→ Problem
Can you restate the lines of the entries below, word for word, from the first one through the line that includes "(part 2 of 3)"?
>>>>
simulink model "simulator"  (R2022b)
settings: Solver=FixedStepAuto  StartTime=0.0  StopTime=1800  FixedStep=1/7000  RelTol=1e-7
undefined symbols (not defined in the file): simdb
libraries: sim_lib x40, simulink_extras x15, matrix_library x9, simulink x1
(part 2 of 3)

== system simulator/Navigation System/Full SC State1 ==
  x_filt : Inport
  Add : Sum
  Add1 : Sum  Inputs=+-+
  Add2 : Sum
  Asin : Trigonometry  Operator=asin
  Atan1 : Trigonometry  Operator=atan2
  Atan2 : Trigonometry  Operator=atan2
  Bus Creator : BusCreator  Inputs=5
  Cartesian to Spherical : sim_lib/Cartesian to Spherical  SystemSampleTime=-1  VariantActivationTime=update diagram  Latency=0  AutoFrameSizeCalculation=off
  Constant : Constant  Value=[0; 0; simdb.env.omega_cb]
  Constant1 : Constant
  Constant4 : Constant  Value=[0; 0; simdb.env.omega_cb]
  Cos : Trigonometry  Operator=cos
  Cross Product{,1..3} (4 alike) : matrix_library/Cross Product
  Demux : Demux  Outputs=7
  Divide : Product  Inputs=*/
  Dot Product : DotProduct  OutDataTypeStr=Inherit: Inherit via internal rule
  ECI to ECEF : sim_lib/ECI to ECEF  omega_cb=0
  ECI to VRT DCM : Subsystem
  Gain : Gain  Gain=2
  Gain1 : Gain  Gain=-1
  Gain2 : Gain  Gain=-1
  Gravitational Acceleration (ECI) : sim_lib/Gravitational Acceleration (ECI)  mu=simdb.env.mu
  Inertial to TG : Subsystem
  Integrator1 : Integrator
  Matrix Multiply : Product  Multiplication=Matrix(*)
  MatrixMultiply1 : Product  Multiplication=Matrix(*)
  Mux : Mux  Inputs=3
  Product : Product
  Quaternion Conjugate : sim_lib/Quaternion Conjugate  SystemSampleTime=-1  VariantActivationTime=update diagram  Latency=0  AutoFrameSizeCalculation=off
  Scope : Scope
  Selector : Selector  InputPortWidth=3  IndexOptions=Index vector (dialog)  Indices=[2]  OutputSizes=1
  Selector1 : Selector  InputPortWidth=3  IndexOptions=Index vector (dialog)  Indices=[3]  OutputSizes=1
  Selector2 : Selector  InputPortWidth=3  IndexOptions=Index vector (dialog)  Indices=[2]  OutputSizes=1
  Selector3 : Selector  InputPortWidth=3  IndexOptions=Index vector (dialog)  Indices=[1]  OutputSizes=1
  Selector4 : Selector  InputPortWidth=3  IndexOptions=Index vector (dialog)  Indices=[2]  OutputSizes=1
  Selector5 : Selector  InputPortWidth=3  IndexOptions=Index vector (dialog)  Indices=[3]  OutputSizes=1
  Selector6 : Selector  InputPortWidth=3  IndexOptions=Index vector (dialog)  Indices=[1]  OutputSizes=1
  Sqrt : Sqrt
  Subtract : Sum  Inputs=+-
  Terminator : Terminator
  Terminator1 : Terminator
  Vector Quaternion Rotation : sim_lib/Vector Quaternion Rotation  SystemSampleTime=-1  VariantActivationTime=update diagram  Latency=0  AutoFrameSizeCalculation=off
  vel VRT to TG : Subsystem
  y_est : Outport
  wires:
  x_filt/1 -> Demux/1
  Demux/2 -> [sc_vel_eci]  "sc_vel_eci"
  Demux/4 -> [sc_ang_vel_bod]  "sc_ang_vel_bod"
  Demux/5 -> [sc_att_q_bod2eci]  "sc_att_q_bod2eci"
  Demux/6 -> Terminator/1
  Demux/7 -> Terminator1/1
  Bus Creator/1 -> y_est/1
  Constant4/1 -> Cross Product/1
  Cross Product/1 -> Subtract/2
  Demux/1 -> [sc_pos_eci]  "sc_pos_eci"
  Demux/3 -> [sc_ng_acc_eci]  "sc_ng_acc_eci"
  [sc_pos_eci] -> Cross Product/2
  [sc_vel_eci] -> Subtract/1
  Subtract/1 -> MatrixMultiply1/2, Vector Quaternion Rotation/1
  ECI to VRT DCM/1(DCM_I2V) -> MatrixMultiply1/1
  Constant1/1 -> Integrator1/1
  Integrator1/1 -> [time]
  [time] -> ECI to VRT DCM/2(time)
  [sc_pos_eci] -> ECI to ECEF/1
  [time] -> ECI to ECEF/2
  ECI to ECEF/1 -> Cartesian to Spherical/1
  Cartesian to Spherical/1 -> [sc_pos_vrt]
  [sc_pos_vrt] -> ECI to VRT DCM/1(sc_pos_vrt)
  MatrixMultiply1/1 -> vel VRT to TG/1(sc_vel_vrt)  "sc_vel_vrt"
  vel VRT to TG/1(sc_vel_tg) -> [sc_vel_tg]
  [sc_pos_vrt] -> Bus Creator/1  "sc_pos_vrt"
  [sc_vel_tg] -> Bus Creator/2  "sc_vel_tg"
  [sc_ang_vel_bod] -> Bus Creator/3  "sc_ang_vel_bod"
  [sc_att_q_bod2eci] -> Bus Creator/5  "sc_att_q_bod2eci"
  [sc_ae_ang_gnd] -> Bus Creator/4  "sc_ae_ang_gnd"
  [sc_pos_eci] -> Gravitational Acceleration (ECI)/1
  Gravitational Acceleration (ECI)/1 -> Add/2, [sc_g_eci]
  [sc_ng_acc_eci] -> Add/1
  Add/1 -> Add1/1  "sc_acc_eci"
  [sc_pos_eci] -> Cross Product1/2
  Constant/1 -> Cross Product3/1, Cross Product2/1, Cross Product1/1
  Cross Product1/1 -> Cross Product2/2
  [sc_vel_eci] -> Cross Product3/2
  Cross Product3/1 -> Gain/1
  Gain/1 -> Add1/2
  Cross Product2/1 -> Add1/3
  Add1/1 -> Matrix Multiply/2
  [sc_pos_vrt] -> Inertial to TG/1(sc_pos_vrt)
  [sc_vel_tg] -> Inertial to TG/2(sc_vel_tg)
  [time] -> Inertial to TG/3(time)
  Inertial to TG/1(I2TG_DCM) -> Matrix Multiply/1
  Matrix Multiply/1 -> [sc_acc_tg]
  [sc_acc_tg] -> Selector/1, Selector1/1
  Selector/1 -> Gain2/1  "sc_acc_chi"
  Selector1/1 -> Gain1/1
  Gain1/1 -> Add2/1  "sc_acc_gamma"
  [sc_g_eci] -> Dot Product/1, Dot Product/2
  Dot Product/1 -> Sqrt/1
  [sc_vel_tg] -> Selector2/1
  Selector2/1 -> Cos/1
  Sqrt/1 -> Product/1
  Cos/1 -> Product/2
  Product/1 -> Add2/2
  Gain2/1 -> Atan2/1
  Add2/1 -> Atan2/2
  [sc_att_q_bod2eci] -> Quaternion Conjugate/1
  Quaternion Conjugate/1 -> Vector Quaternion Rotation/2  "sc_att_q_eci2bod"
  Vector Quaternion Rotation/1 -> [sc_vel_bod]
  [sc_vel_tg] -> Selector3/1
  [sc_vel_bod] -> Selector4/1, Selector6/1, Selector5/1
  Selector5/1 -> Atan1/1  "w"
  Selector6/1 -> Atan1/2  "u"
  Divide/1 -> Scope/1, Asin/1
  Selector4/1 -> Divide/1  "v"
<<<<
→ Task solution
simulink model "simulator"  (R2022b)
settings: Solver=FixedStepAuto  StartTime=0.0  StopTime=1800  FixedStep=1/7000  RelTol=1e-7
undefined symbols (not defined in the file): simdb
libraries: sim_lib x40, simulink_extras x15, matrix_library x9, simulink x1
(part 2 of 3)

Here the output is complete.